2. You think you’re not worthy. You began to feel inadequate as a child and carried that belief into your adult life.
Antidote: Everyone has fundamental goodness beneath the crusty stuff, including you. Instead of focusing on your failings, start to believe in and accentuate your positives. Take time to learn to love yourself, read: Self-Love: Why Should It Matter to You?
3. You didn’t have positive roles models. If one of your parents or primary caregivers didn’t accept themselves, you may be inadvertently modeling their behavior instead of accepting yourself.
Antidote: Find positive roles models now, people who love, accept and care for themselves with confidence. Follow their lead.
4. You've made self-acceptance conditional. You believe you need to achieve something before you can fully accept yourself. You’re waiting to complete your education, earn a specific amount of money, or get a promotion at your job.
Antidote: Take the conditions off and accept your whole self right now.
5. You are trying to live up to societal norms. There's so much pressure to live up to societal norms in families, at school, and in the marketing you see all around you. You may not accept who you are because you think you should be someone else.

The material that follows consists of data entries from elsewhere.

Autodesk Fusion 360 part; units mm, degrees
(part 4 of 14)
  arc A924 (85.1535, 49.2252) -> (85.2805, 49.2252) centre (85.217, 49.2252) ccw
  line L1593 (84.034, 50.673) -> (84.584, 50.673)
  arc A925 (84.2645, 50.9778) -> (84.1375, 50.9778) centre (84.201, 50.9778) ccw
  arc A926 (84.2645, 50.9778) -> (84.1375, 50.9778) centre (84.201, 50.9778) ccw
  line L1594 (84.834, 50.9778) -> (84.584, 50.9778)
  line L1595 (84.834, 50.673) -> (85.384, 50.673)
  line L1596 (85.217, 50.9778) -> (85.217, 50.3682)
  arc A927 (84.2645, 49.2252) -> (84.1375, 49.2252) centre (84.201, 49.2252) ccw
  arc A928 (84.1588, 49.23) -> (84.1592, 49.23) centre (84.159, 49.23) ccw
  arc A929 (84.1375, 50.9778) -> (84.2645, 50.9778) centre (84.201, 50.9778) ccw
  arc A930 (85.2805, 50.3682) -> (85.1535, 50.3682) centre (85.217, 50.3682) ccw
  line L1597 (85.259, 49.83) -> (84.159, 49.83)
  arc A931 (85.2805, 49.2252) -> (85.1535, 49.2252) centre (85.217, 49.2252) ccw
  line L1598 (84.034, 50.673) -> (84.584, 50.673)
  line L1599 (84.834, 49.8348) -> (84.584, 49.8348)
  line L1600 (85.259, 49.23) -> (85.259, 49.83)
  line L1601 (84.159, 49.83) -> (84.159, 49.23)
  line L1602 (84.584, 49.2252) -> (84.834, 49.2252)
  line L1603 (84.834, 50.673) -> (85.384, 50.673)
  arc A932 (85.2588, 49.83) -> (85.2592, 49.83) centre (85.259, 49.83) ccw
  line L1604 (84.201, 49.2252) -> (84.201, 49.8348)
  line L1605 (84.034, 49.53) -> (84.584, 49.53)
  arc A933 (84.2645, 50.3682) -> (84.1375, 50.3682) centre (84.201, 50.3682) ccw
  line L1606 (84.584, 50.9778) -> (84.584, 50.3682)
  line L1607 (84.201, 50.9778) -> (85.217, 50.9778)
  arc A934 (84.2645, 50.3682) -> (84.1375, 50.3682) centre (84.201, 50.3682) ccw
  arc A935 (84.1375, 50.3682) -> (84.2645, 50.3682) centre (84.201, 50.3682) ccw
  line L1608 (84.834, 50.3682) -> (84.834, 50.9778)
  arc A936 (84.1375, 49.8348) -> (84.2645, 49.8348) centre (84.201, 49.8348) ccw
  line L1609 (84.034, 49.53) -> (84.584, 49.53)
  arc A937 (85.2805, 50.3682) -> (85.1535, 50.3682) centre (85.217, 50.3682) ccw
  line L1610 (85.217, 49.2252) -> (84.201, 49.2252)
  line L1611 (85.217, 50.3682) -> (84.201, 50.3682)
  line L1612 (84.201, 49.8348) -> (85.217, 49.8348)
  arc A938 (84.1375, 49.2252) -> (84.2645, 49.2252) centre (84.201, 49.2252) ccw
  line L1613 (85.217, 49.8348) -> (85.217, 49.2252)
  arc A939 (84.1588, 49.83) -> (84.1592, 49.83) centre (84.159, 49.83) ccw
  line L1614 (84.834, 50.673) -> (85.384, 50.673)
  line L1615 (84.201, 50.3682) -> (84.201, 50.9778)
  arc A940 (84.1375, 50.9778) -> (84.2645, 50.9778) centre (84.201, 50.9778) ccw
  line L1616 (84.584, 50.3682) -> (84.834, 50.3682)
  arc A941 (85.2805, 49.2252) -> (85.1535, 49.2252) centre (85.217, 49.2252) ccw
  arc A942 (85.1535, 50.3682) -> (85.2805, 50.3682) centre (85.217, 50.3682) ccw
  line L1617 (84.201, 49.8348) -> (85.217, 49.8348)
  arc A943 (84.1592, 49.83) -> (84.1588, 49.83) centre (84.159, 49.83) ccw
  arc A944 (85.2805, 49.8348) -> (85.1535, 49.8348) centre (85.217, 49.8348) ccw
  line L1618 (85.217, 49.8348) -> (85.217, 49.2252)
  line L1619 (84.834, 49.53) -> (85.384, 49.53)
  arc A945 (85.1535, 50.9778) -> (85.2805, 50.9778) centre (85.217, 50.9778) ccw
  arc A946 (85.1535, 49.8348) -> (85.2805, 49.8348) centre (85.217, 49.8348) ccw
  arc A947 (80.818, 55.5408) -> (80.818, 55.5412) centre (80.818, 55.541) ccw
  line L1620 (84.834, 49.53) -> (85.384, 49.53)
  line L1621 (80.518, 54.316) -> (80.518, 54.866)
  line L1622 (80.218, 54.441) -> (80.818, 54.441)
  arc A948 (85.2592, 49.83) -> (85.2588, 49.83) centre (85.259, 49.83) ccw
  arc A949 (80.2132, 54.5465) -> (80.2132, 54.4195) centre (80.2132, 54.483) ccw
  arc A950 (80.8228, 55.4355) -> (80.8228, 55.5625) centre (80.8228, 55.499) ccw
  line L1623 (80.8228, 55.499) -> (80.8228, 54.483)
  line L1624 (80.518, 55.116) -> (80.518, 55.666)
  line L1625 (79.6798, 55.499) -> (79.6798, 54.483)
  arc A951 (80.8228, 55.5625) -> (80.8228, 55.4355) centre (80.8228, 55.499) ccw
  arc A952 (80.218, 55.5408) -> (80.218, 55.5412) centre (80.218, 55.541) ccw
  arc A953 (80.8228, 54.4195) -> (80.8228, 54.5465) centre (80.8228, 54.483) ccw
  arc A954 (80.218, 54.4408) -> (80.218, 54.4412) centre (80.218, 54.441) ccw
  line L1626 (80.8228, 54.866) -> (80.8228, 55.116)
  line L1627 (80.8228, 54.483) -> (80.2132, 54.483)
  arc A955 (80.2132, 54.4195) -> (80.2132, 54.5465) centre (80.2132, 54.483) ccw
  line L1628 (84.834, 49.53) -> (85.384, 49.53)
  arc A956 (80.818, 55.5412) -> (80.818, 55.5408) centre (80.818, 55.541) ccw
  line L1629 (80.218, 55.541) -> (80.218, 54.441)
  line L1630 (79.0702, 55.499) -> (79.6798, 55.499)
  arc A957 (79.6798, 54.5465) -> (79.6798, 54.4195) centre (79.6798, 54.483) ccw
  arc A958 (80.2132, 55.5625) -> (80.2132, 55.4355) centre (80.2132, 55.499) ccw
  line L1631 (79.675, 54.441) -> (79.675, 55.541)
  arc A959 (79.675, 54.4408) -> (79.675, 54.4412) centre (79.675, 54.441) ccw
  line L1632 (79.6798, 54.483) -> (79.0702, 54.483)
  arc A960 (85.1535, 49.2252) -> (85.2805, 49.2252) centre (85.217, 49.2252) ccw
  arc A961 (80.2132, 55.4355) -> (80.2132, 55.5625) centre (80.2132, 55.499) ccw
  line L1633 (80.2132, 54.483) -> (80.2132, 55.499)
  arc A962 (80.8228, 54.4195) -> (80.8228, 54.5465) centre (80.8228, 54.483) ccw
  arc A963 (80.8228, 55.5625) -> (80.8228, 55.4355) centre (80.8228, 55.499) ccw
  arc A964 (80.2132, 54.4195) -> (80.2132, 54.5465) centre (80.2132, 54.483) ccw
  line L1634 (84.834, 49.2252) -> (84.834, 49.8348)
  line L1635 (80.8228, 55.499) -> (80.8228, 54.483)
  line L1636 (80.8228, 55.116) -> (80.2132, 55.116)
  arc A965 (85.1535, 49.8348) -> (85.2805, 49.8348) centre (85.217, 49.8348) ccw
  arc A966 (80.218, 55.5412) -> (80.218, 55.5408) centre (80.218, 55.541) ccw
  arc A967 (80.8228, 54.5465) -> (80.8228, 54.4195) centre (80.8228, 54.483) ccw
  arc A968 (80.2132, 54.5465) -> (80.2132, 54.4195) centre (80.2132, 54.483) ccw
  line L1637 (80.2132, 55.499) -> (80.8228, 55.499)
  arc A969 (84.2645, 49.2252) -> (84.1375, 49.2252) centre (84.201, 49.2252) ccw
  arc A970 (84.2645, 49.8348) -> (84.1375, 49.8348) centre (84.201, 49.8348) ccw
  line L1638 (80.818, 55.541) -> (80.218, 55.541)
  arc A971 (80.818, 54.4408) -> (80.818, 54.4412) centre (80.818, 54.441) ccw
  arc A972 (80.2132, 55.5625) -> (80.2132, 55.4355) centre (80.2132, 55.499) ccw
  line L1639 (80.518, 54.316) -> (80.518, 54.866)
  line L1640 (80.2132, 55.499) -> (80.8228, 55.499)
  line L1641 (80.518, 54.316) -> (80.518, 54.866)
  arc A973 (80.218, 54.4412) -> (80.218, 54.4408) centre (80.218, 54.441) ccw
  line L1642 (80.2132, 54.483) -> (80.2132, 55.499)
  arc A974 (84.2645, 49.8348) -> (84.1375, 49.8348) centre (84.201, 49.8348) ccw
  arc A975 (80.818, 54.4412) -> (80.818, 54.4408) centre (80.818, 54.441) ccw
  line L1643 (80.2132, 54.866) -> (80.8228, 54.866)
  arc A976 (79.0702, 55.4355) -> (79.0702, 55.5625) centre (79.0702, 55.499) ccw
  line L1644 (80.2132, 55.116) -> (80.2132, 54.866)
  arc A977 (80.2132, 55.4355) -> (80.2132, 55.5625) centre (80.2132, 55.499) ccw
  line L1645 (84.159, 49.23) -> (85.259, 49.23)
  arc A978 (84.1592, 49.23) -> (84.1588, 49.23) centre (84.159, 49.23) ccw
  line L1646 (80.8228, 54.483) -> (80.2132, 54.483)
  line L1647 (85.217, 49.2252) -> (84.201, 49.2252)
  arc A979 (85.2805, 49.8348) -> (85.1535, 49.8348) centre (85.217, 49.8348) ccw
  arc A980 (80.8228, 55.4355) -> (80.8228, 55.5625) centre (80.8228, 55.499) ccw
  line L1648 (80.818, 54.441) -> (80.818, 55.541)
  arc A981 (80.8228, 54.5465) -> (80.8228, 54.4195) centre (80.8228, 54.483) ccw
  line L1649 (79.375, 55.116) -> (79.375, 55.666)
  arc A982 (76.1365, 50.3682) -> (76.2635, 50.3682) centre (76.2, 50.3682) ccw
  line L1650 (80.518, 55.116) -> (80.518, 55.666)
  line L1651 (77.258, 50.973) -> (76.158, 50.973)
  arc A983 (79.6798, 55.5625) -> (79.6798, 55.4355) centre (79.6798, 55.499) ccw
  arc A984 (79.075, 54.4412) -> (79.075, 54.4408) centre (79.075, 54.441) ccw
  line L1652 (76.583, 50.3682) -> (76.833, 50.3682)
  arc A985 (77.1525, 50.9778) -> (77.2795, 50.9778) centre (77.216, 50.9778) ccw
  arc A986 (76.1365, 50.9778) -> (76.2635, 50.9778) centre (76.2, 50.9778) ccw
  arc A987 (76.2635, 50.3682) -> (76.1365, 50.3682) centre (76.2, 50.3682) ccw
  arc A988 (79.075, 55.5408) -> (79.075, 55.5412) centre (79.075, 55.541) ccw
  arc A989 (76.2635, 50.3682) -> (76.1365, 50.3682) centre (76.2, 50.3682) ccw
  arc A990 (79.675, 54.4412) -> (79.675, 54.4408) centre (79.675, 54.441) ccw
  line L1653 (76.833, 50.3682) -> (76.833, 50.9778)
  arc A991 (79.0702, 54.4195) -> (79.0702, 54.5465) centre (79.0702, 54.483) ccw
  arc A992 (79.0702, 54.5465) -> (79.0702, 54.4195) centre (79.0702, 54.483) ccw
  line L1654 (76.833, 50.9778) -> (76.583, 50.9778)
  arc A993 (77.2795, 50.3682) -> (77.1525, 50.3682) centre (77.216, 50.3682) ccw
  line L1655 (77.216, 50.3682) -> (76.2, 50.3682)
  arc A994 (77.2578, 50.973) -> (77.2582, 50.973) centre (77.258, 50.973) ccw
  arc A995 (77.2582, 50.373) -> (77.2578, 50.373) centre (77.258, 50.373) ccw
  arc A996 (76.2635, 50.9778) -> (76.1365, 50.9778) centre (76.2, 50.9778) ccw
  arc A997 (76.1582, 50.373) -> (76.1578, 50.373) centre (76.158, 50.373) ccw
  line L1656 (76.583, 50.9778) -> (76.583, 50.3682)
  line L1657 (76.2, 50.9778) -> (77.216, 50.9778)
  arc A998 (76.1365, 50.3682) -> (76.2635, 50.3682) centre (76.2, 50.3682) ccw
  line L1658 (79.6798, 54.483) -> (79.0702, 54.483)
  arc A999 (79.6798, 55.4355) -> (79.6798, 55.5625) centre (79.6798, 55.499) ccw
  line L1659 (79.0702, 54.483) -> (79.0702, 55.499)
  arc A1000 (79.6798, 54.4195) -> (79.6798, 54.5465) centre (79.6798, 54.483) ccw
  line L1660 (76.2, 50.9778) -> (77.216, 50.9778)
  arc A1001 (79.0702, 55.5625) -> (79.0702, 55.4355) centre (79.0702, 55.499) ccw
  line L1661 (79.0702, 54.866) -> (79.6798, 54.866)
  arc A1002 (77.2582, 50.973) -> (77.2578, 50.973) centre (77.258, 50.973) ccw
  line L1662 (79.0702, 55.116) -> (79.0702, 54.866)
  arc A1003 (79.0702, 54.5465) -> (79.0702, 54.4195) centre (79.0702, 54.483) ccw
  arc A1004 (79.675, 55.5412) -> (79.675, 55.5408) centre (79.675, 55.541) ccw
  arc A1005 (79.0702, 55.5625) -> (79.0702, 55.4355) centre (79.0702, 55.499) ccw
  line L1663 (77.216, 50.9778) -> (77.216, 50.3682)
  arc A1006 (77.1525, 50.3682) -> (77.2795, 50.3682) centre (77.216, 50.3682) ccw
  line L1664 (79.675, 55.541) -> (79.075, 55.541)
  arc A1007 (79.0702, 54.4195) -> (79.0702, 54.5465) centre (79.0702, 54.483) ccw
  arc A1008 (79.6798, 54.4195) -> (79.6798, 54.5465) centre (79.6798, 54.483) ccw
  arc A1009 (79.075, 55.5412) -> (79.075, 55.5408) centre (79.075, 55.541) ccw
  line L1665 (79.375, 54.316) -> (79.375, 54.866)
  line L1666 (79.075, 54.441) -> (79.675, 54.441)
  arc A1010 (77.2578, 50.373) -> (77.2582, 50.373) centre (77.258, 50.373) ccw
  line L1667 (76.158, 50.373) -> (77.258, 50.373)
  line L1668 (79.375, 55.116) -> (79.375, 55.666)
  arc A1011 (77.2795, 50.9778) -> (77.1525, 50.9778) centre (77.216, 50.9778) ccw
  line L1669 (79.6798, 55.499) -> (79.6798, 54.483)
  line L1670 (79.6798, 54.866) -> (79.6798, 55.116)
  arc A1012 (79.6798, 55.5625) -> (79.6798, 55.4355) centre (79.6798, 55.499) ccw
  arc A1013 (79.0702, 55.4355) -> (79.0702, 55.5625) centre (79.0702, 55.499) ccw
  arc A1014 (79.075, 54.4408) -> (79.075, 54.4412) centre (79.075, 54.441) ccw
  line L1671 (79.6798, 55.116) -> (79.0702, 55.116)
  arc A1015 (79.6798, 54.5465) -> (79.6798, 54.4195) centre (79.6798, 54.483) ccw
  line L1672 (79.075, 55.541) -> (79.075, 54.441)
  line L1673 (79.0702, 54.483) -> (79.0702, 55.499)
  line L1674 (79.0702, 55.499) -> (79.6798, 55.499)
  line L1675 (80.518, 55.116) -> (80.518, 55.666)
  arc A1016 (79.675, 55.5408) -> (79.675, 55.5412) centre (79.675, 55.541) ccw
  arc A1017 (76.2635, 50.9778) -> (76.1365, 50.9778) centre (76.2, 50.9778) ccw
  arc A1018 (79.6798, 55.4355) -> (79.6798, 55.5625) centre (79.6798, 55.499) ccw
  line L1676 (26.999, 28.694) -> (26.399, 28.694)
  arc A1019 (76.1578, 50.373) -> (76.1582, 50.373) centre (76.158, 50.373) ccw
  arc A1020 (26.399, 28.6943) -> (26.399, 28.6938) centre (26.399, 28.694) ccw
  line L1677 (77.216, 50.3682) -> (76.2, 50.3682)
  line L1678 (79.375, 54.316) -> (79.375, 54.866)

Antidote: Break them! Make new ones! Make your own!
6. Your circle is not supportive. It’s difficult to feel good about yourself if your partner, friends, or employer are constantly putting you down. I know this one well. I had a harsh boss for many years, which eroded away my self-confidence.
Sometimes, we unconsciously engage in relationships that reinforce our false beliefs about ourself. Don’t blame yourself for this, it’s not intentional. But once you realize it, you can begin to make new choices.
Antidote: Surround yourself with people who love, appreciate, and support you, one person at a time.
7. You’ve been traumatized. The experience of shock or developmental trauma can trigger shame or the mistaken belief that you were somehow responsible.
Antidote: Know this is a common reaction in trauma, but it doesn’t make it true. Find a trauma therapist who can help you heal the trauma and transform these incorrect beliefs.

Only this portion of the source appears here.